> Work instruction
Return each line of the records holding the string "message".

Collected data entries
⟨

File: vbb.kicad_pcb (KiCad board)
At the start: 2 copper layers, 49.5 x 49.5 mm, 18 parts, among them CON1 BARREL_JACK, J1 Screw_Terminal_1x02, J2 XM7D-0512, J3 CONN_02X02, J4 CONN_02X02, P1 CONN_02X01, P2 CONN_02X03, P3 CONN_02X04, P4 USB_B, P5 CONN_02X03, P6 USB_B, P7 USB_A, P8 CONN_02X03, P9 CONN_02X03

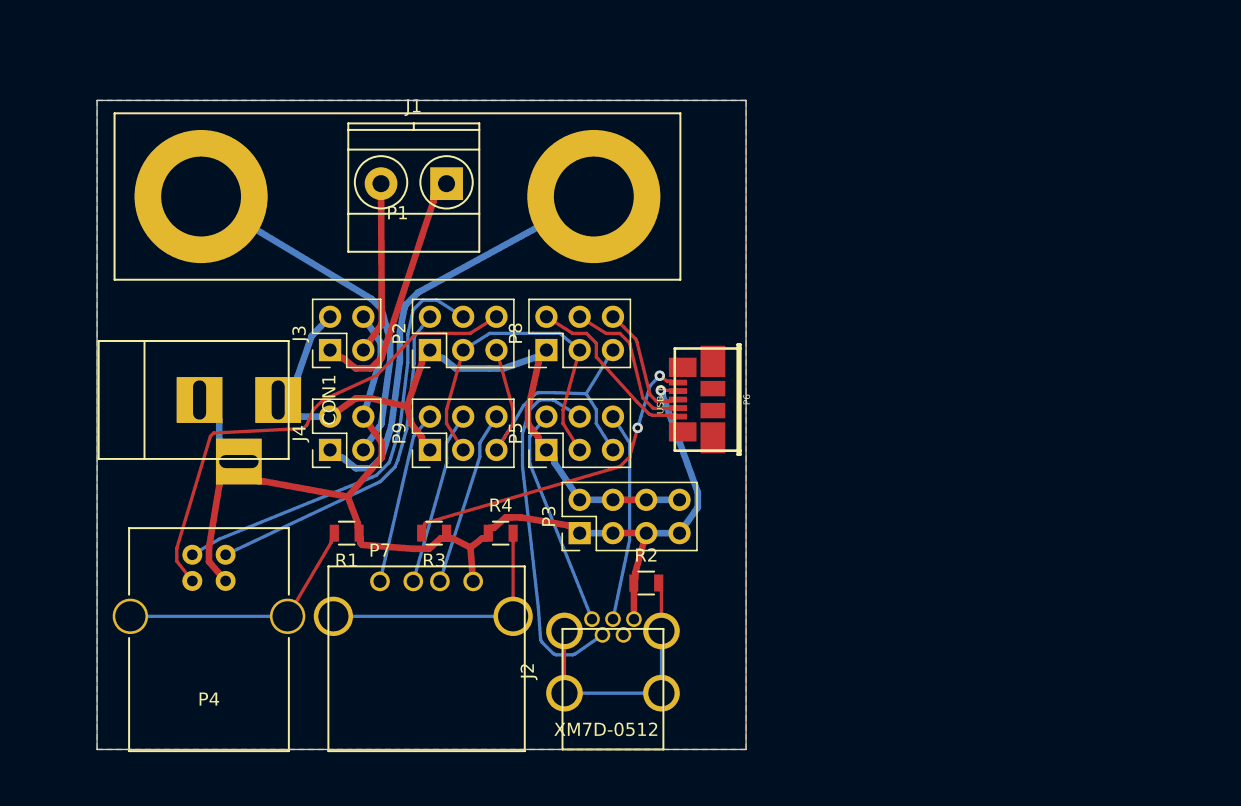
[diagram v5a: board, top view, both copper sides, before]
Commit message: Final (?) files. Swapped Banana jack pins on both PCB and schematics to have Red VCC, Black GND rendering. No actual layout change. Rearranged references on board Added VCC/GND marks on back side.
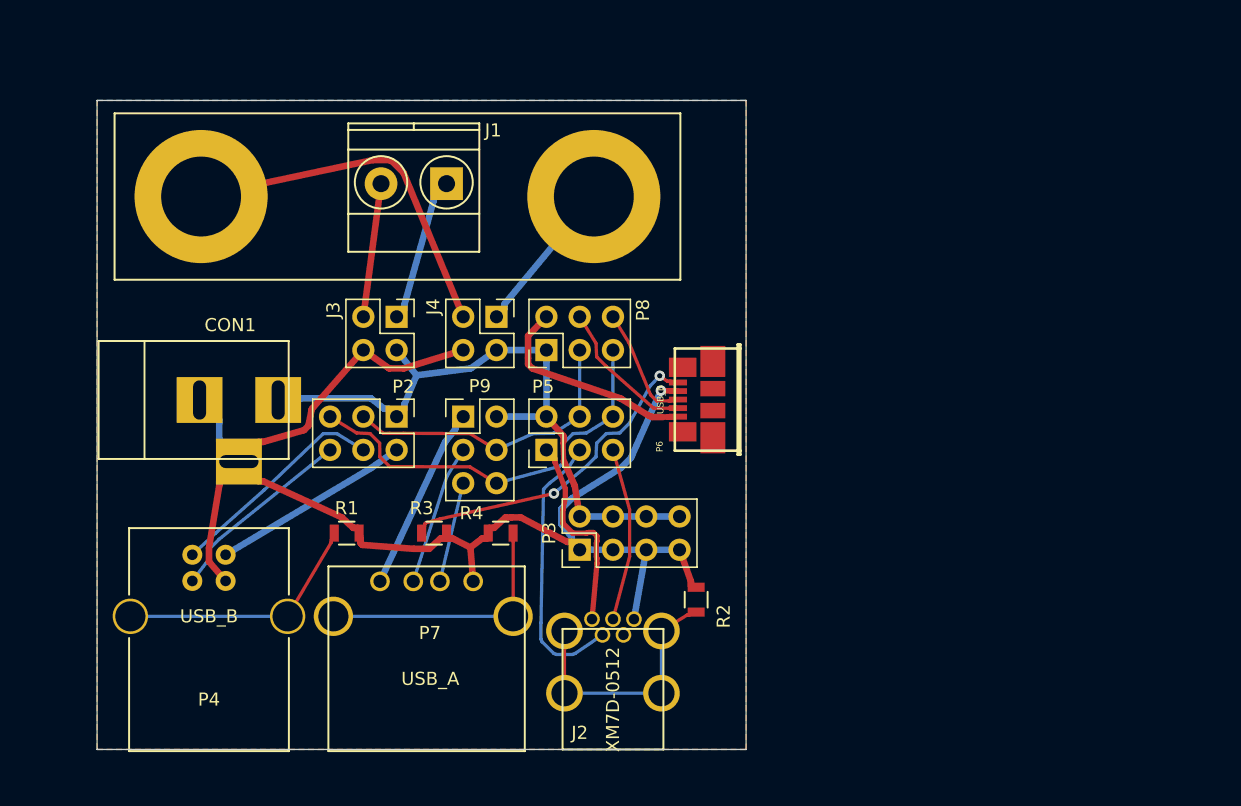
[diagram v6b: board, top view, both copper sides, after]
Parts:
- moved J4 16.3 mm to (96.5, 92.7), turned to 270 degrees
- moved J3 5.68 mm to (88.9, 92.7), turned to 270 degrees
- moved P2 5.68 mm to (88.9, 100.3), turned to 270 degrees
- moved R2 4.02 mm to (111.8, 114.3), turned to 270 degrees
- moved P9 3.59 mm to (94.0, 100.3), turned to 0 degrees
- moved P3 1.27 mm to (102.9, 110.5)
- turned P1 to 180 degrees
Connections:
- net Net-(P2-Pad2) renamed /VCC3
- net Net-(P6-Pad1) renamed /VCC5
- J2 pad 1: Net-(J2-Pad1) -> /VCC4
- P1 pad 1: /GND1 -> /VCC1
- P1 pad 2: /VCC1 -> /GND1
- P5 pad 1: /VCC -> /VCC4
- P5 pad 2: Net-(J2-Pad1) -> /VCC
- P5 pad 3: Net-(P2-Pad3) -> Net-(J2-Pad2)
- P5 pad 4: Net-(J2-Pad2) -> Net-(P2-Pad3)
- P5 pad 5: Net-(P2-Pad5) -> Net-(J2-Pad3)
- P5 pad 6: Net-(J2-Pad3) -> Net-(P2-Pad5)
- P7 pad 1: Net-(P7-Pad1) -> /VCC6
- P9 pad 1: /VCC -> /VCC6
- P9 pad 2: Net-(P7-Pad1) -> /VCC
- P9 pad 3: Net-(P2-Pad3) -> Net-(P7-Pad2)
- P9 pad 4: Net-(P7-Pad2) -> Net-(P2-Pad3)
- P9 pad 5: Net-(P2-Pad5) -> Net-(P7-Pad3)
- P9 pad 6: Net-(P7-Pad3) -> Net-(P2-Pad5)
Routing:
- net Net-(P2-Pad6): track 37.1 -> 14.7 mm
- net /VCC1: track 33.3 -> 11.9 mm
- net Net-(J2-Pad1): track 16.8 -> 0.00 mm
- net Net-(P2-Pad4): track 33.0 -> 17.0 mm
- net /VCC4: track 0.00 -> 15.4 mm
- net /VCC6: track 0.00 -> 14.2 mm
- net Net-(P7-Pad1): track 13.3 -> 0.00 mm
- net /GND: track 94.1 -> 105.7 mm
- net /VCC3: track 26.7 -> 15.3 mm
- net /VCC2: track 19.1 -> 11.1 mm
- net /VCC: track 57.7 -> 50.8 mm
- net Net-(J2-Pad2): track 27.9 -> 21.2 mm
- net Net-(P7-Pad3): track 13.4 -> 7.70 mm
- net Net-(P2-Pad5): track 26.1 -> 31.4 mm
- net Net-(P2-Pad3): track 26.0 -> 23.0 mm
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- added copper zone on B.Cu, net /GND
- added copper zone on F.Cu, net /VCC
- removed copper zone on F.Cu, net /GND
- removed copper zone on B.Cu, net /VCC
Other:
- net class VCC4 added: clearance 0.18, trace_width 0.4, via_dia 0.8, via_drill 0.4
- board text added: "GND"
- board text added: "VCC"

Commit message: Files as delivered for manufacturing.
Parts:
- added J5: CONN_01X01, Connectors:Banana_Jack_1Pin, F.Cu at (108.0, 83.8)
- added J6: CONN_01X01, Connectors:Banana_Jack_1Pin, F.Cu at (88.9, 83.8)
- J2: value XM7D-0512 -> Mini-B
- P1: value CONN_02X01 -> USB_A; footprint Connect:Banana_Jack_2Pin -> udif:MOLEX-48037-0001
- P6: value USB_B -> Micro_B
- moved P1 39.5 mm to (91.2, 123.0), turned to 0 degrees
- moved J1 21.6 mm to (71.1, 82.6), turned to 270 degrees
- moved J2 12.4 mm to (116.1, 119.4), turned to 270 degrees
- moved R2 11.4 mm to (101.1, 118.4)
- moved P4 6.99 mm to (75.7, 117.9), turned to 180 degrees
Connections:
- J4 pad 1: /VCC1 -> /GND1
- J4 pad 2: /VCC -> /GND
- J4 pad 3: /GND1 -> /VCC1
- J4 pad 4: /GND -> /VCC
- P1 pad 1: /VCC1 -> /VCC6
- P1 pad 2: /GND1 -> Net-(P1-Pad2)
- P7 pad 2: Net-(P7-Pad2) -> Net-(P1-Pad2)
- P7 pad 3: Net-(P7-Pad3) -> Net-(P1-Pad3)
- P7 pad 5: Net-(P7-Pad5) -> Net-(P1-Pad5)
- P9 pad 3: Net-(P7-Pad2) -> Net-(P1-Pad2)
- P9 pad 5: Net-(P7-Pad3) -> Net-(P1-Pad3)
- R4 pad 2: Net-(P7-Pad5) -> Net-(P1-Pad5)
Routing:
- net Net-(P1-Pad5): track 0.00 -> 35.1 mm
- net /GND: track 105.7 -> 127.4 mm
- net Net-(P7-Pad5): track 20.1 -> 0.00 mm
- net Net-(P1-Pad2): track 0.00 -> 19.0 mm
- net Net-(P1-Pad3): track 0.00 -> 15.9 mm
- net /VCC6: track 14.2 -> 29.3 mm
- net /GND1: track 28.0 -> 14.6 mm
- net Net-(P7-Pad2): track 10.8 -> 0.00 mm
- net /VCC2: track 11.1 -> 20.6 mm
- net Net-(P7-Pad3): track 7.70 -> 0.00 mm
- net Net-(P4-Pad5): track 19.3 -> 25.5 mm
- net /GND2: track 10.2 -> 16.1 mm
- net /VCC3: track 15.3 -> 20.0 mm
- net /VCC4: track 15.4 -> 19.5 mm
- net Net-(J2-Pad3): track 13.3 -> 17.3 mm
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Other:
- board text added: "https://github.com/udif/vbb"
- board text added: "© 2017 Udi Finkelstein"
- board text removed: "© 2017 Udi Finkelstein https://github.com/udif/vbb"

⟩

> Result of this task
Commit message: Final (?) files. Swapped Banana jack pins on both PCB and schematics to have Red VCC, Black GND rendering. No actual layout change. Rearranged references on board Added VCC/GND marks on back side.
Commit message: Files as delivered for manufacturing.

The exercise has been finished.